What needs to be done - If a line in the entries contains the string "ezdxf", include that line in your answer.

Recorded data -
[Start of section]

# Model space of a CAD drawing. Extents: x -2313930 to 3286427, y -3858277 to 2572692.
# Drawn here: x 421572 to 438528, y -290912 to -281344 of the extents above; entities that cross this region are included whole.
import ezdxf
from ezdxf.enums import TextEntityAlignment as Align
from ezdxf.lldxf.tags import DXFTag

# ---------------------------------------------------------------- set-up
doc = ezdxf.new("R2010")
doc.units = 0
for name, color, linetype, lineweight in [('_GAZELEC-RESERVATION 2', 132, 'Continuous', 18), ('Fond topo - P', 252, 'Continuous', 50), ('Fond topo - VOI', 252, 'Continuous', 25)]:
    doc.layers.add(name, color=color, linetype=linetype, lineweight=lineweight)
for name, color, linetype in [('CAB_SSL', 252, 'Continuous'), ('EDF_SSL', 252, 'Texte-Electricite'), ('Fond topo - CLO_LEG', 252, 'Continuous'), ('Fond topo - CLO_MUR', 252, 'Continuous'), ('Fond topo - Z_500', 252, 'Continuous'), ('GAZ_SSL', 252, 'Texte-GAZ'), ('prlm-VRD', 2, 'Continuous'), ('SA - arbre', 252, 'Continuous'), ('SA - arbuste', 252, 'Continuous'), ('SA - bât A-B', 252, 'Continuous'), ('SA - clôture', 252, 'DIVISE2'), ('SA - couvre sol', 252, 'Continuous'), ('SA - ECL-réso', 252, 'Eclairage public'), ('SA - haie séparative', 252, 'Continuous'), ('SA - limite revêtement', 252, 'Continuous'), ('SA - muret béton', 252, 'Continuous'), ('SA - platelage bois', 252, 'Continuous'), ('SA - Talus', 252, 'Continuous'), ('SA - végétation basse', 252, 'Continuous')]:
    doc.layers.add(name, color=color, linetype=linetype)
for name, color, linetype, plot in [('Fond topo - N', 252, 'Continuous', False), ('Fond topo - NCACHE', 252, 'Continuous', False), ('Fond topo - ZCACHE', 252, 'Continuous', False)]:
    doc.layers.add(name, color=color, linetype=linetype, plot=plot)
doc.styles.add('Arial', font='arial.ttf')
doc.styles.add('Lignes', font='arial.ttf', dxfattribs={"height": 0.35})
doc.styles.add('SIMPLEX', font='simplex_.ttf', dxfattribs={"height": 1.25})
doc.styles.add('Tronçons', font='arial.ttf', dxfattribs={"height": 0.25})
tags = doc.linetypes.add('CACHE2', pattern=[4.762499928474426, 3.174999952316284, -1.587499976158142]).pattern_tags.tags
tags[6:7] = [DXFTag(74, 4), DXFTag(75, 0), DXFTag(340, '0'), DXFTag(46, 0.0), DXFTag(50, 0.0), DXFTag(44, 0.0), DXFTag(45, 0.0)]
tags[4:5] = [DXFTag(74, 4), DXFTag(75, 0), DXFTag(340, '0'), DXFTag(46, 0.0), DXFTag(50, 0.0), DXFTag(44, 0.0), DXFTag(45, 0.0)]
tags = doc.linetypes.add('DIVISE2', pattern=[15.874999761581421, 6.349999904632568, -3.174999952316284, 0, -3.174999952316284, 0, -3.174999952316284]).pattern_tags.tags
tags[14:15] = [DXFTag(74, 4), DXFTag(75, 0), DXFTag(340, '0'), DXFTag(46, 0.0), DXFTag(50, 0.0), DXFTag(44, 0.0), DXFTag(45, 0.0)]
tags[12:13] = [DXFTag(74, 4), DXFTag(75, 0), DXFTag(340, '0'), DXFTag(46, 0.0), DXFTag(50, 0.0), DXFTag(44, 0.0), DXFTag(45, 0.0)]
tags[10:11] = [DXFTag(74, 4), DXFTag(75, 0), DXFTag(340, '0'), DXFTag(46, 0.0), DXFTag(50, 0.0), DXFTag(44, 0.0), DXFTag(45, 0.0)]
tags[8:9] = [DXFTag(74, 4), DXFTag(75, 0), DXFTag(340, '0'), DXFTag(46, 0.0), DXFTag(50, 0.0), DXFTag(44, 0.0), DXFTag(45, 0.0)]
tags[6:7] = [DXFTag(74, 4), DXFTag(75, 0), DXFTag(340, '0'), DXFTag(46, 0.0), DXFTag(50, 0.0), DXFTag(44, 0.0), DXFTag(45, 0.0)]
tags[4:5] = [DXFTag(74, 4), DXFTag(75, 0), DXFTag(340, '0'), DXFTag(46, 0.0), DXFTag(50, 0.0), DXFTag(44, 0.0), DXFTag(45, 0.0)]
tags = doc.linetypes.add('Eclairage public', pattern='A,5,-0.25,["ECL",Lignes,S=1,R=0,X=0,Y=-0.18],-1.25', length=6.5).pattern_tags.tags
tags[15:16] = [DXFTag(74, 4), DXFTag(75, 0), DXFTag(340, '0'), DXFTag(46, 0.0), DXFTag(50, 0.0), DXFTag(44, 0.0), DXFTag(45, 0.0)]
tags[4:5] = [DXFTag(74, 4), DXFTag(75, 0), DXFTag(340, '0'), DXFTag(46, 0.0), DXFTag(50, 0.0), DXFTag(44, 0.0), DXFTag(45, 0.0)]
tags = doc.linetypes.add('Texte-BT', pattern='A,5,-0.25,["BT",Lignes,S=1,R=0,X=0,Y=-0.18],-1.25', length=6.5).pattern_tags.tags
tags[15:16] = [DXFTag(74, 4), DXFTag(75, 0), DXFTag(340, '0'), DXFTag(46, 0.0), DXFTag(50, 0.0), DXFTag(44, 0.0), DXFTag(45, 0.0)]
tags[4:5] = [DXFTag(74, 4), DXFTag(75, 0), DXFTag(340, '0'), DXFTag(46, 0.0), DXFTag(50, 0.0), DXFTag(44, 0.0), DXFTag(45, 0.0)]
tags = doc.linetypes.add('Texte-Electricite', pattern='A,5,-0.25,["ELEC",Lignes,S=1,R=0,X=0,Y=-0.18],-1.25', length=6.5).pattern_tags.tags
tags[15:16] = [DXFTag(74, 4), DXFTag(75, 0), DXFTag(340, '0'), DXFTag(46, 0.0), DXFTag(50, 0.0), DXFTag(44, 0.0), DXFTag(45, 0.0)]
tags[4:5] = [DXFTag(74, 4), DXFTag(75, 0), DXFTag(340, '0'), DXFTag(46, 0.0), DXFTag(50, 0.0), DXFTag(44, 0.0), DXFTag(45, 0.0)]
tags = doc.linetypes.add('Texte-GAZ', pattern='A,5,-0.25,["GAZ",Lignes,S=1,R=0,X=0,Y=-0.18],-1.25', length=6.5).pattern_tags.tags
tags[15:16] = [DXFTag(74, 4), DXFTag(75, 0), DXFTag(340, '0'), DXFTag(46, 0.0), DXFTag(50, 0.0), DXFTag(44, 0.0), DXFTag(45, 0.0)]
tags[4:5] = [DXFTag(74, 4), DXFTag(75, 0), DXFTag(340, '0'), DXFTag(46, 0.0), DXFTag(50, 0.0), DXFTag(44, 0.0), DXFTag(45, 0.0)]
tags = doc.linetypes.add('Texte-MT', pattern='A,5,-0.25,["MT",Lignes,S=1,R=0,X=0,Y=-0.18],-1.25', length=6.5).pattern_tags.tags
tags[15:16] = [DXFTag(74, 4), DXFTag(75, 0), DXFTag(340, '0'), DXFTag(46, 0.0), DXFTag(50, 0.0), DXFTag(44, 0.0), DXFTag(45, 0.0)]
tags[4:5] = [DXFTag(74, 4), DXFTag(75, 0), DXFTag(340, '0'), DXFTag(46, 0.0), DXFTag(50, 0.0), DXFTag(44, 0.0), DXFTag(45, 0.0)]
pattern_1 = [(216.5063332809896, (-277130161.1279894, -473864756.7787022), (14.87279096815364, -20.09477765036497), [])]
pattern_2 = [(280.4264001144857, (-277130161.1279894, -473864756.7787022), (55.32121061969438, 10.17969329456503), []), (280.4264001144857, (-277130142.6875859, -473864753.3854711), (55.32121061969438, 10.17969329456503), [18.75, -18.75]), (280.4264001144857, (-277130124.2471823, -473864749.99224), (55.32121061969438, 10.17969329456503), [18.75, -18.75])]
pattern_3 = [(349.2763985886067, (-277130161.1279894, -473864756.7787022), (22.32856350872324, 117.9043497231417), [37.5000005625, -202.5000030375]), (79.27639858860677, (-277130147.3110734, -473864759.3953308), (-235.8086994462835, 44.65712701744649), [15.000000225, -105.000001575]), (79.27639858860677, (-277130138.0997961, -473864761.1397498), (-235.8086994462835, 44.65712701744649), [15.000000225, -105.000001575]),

[End of section]

Output for this task -
import ezdxf
from ezdxf.enums import TextEntityAlignment as Align
from ezdxf.lldxf.tags import DXFTag
doc = ezdxf.new("R2010")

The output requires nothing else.